# WOW - cleaning product any good?



## rogerblack (May 1, 2005)

This month's CC magazine has a special offer on WOW (WithOut Water!) cleaning products. These are advertised as being suitable to use without using water to wash first. One that caught my attention was the Boat & Yacht version which "contains a unique anti-algae additive to help combat unnecessary build up".

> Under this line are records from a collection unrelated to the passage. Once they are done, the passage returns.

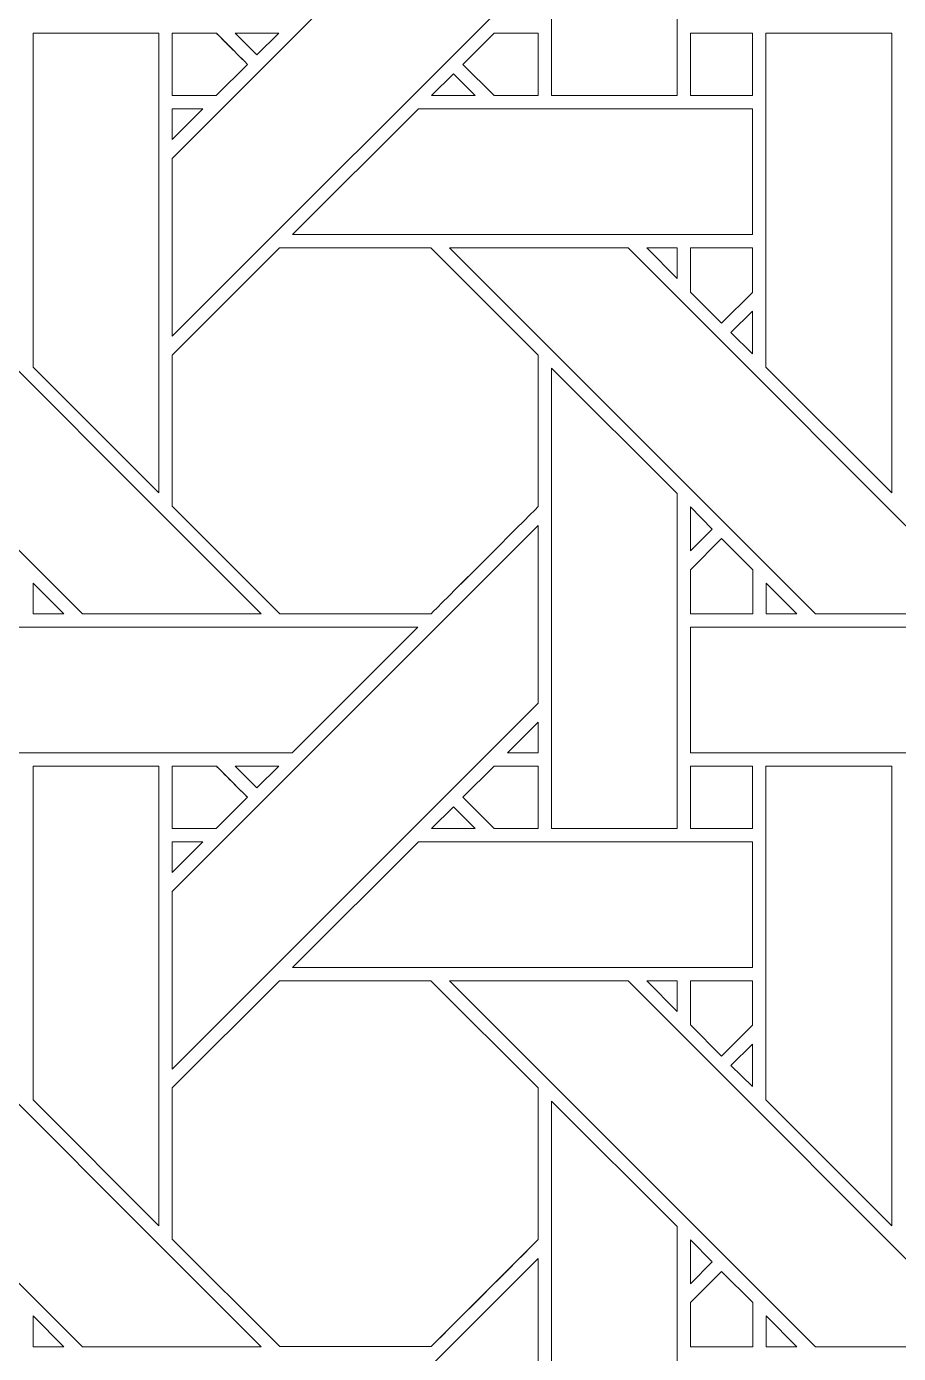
# Model space of a CAD drawing. Header units: inches. Extents: x 3.4 to 21.4, y 4.6 to 13.6.
# Drawn here: x 16.701 to 17.83, y 8.849 to 10.566 of the extents above; entities that cross this region are included whole.
import ezdxf

# ---------------------------------------------------------------- set-up
doc = ezdxf.new("R2010")
doc.units = ezdxf.units.IN
doc.header["$MEASUREMENT"] = 0
doc.layers.add('Design', color=7, linetype='Continuous', lineweight=0)

msp = doc.modelspace()

# ---------------------------------------------------------------- linework, layer by layer
at = {"layer": 'Design'}
for points, knots in [([(3.3829, 13.5948), (3.3829, 13.5948), (3.3829, 4.5948), (3.3829, 4.5948), (3.3829, 4.5948), (21.3829, 4.5948), (21.3829, 4.5948), (21.3829, 4.5948), (21.3829, 13.5948), (21.3829, 13.5948), (21.3829, 13.5948), (3.3829, 13.5948), (3.3829, 13.5948)], [0, 0, 0, 0, 1, 1, 1, 2, 2, 2, 3, 3, 3, 4, 4, 4, 4]), ([(3.8379, 13.1448), (3.8379, 13.1448), (3.8379, 5.0448), (3.8379, 5.0448), (3.8379, 5.0448), (20.9329, 5.0448), (20.9329, 5.0448), (20.9329, 5.0448), (20.9329, 13.1448), (20.9329, 13.1448), (20.9329, 13.1448), (3.8379, 13.1448), (3.8379, 13.1448)], [0, 0, 0, 0, 1, 1, 1, 2, 2, 2, 3, 3, 3, 4, 4, 4, 4]), ([(17.3805, 10.4769), (17.3805, 10.4769), (17.3805, 11.0727), (17.3805, 11.0727), (17.3805, 11.0727), (17.5432, 10.9106), (17.5432, 10.9106), (17.5432, 10.9106), (17.5432, 10.4769), (17.5432, 10.4769), (17.5432, 10.4769), (17.3805, 10.4769), (17.3805, 10.4769)], [0, 0, 0, 0, 1, 1, 1, 2, 2, 2, 3, 3, 3, 4, 4, 4, 4]), ([(17.3633, 10.6391), (17.3633, 10.6391), (16.8897, 10.1655), (16.8897, 10.1655), (16.8897, 10.1655), (16.8897, 10.3956), (16.8897, 10.3956), (16.8897, 10.3956), (17.3633, 10.8692), (17.3633, 10.8692), (17.3633, 10.8692), (17.3633, 10.6391), (17.3633, 10.6391)], [0, 0, 0, 0, 1, 1, 1, 2, 2, 2, 3, 3, 3, 4, 4, 4, 4]), ([(16.7096, 10.1255), (16.7096, 10.1255), (16.7096, 10.5577), (16.7096, 10.5577), (16.7096, 10.5577), (16.8725, 10.5577), (16.8725, 10.5577), (16.8725, 10.5577), (16.8725, 9.9626), (16.8725, 9.9626), (16.8725, 9.9626), (16.7096, 10.1255), (16.7096, 10.1255)], [0, 0, 0, 0, 1, 1, 1, 2, 2, 2, 3, 3, 3, 4, 4, 4, 4]), ([(16.9468, 10.5577), (16.9519, 10.5526), (16.9827, 10.5218), (16.9871, 10.5173), (16.9871, 10.5173), (16.9467, 10.4769), (16.9467, 10.4769), (16.9467, 10.4769), (16.8897, 10.4769), (16.8897, 10.4769), (16.8897, 10.4769), (16.8897, 10.5577), (16.8897, 10.5577), (16.8897, 10.5577), (16.9468, 10.5577), (16.9468, 10.5577)], [0, 0, 0, 0, 1, 1, 1, 2, 2, 2, 3, 3, 3, 4, 4, 4, 5, 5, 5, 5]), ([(16.9871, 10.5173), (16.9871, 10.5173), (16.9467, 10.4769), (16.9467, 10.4769), (16.9467, 10.4769), (16.8897, 10.4769), (16.8897, 10.4769), (16.8897, 10.4769), (16.8897, 10.5577), (16.8897, 10.5577), (16.8897, 10.5577), (16.9468, 10.5577), (16.9468, 10.5577), (16.9521, 10.5524), (16.9829, 10.5216), (16.9871, 10.5173)], [0, 0, 0, 0, 1, 1, 1, 2, 2, 2, 3, 3, 3, 4, 4, 4, 5, 5, 5, 5]), ([(16.9711, 10.5577), (16.9711, 10.5577), (17.0276, 10.5577), (17.0276, 10.5577), (17.0276, 10.5577), (16.9993, 10.5295), (16.9993, 10.5295), (16.9993, 10.5295), (16.9711, 10.5577), (16.9711, 10.5577)], [0, 0, 0, 0, 1, 1, 1, 2, 2, 2, 3, 3, 3, 3]), ([(17.3634, 10.5577), (17.3634, 10.5577), (17.3634, 10.4769), (17.3634, 10.4769), (17.3634, 10.4769), (17.3063, 10.4769), (17.3063, 10.4769), (17.3063, 10.4769), (17.2659, 10.5173), (17.2659, 10.5173), (17.2659, 10.5173), (17.3063, 10.5577), (17.3063, 10.5577), (17.3063, 10.5577), (17.3634, 10.5577), (17.3634, 10.5577)], [0, 0, 0, 0, 1, 1, 1, 2, 2, 2, 3, 3, 3, 4, 4, 4, 5, 5, 5, 5]), ([(17.3634, 10.4769), (17.3634, 10.4769), (17.3063, 10.4769), (17.3063, 10.4769), (17.3063, 10.4769), (17.2659, 10.5173), (17.2659, 10.5173), (17.2659, 10.5173), (17.3063, 10.5577), (17.3063, 10.5577), (17.3063, 10.5577), (17.3634, 10.5577), (17.3634, 10.5577), (17.3634, 10.5577), (17.3634, 10.4769), (17.3634, 10.4769)], [0, 0, 0, 0, 1, 1, 1, 2, 2, 2, 3, 3, 3, 4, 4, 4, 5, 5, 5, 5]), ([(17.6408, 10.4769), (17.6408, 10.4769), (17.5606, 10.4769), (17.5606, 10.4769), (17.5606, 10.4769), (17.5606, 10.5577), (17.5606, 10.5577), (17.5606, 10.5577), (17.6408, 10.5577), (17.6408, 10.5577), (17.6408, 10.5577), (17.6408, 10.4769), (17.6408, 10.4769)], [0, 0, 0, 0, 1, 1, 1, 2, 2, 2, 3, 3, 3, 4, 4, 4, 4]), ([(17.5606, 10.4769), (17.5606, 10.4769), (17.5606, 10.5577), (17.5606, 10.5577), (17.5606, 10.5577), (17.6408, 10.5577), (17.6408, 10.5577), (17.6408, 10.5577), (17.6408, 10.4769), (17.6408, 10.4769), (17.6408, 10.4769), (17.5606, 10.4769), (17.5606, 10.4769)], [0, 0, 0, 0, 1, 1, 1, 2, 2, 2, 3, 3, 3, 4, 4, 4, 4]), ([(17.6583, 10.1255), (17.6583, 10.1255), (17.6583, 10.5577), (17.6583, 10.5577), (17.6583, 10.5577), (17.8213, 10.5577), (17.8213, 10.5577), (17.8213, 10.5577), (17.8213, 9.9626), (17.8213, 9.9626), (17.8213, 9.9626), (17.6583, 10.1255), (17.6583, 10.1255)], [0, 0, 0, 0, 1, 1, 1, 2, 2, 2, 3, 3, 3, 4, 4, 4, 4]), ([(17.2255, 10.4769), (17.2255, 10.4769), (17.2538, 10.5052), (17.2538, 10.5052), (17.2538, 10.5052), (17.282, 10.4769), (17.282, 10.4769), (17.282, 10.4769), (17.2255, 10.4769), (17.2255, 10.4769)], [0, 0, 0, 0, 1, 1, 1, 2, 2, 2, 3, 3, 3, 3]), ([(16.9295, 10.4598), (16.9295, 10.4598), (16.8897, 10.4199), (16.8897, 10.4199), (16.8897, 10.4199), (16.8897, 10.4598), (16.8897, 10.4598), (16.8897, 10.4598), (16.9295, 10.4598), (16.9295, 10.4598)], [0, 0, 0, 0, 1, 1, 1, 2, 2, 2, 3, 3, 3, 3]), ([(17.6408, 10.4598), (17.6408, 10.4598), (17.6408, 10.297), (17.6408, 10.297), (17.6408, 10.297), (17.0455, 10.297), (17.0455, 10.297), (17.0455, 10.297), (17.2084, 10.4598), (17.2084, 10.4598), (17.2084, 10.4598), (17.6408, 10.4598), (17.6408, 10.4598)], [0, 0, 0, 0, 1, 1, 1, 2, 2, 2, 3, 3, 3, 4, 4, 4, 4]), ([(17.0047, 9.8062), (17.0047, 9.8062), (16.7737, 9.8062), (16.7737, 9.8062), (16.7737, 9.8062), (16.3001, 10.2798), (16.3001, 10.2798), (16.3001, 10.2798), (16.531, 10.2798), (16.531, 10.2798), (16.531, 10.2798), (17.0047, 9.8062), (17.0047, 9.8062)], [0, 0, 0, 0, 1, 1, 1, 2, 2, 2, 3, 3, 3, 4, 4, 4, 4]), ([(17.0284, 10.2798), (17.0284, 10.2798), (17.2246, 10.2798), (17.2246, 10.2798), (17.2246, 10.2798), (17.3634, 10.1411), (17.3634, 10.1411), (17.3634, 10.1411), (17.3634, 9.9449), (17.3634, 9.9449), (17.3456, 9.9269), (17.2336, 9.8152), (17.2247, 9.8062), (17.2247, 9.8062), (17.0289, 9.8062), (17.0289, 9.8062), (17.0289, 9.8062), (16.8897, 9.9454), (16.8897, 9.9454), (16.8897, 9.9454), (16.8897, 10.1411), (16.8897, 10.1411), (16.8897, 10.1411), (17.0284, 10.2798), (17.0284, 10.2798)], [0, 0, 0, 0, 1, 1, 1, 2, 2, 2, 3, 3, 3, 4, 4, 4, 5, 5, 5, 6, 6, 6, 7, 7, 7, 8, 8, 8, 8]), ([(17.3634, 10.1411), (17.3634, 10.1411), (17.3634, 9.9449), (17.3634, 9.9449), (17.3456, 9.927), (17.2337, 9.8152), (17.2247, 9.8062), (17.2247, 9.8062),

Now call me an old sceptic if you like, but I'm a bit wary of using water-free products as to my mind when you wipe the dirt off, the grit is likely to scratch the polished surface. Can anyone reassure me that this isn't so, somehow? Also has any MHFer used WOW, especially the anti-algae version, and found it does as it says?


----------



## paulmold (Apr 2, 2009)

I have not used WOW , nor have I used Greased Lightening products off Ideal World TV, nor have I used Drywash available at shows but I have used waterless cleaner/polish available from numerous suppliers off Ebay for a fraction of the price and YES they do work. I don't know the science bit but dirt is supposedly suspended in the molecules effectively putting a barrier between the dirt and the paint.
As a taxi driver who specialises in airport work I frequently take business executives who expect a clean car so I use these products frequently. If I arrive in plenty of time at the airport to meet someone, I can clean the entire car in around 20 minutes.
You do have to use micro-fibre cloths as these hold the dirt and the better the quality of the cloths, the better and easier the finish.
Just search for 'waterless car cleaner' or 'waterless car polish' and you'll have lots of choice.


----------



## cabby (May 14, 2005)

looking forward to an informed response to this one.

cabby

by the way is that the type they use on the cars in sainsburys car parks. other super stores may also use this. :lol: :lol:


----------



## GerryD (Sep 20, 2007)

I have used Greased Lightning, One Dry Wash and the JML product for the whole of this year on all three vehicles including the motorhome. I have always been impressed with the results and can confirm that there is not the slightest hint of any surface scratching.
It is also much quicker, an average car takes 20 minutes, and once applied it helps to keep the car cleaner for longer as dirt, especially bird droppings wash off with the rain. Also, any rain on the windows runs off during driving.
Gerry


----------



## rogerblack (May 1, 2005)

Thanks for the replies, good to hear from those that have actually used them. I also enjoyed some of the pictures found on searching as suggested by Paul! Example attached 8) 

The CC deal is any two WOW products (500 ml spray?) + two cloths for £19.99 inc P&P, sounds reasonable?


----------



## paulmold (Apr 2, 2009)

This is the one I've been getting off Ebay - 3 x 500ml bottles + 2 cloths for £12.99 with free postage.....

http://www.ebay.co.uk/itm/WATERLESS...ssories_Car_Care_Cleaning&hash=item1c1e3aaca9


----------



## rosalan (Aug 24, 2009)

NOT advisable on windscreens, as the water droplets that form after the wiper blade passes over makes visibility difficult.
I think I used the Motorhome Show type but had a nasty shock when a sudden rainstorm left me with poor visibility after using the product.
Alan


----------



## paulmold (Apr 2, 2009)

Yes I agree. None of the makes recommend it for the windscreen, any other glass yes but not the windscreen. It does contain wax polish and you wouldn't apply polish to the windscreen, would you?


----------



## cabby (May 14, 2005)

have just made use of the offer and bought 2 lots, a give away price.

cabby


----------



## rogerblack (May 1, 2005)

cabby said:


> have just made use of the offer and bought 2 lots, a give away price. cabby


Did you mean the e-bay offer or the CC mag one?


----------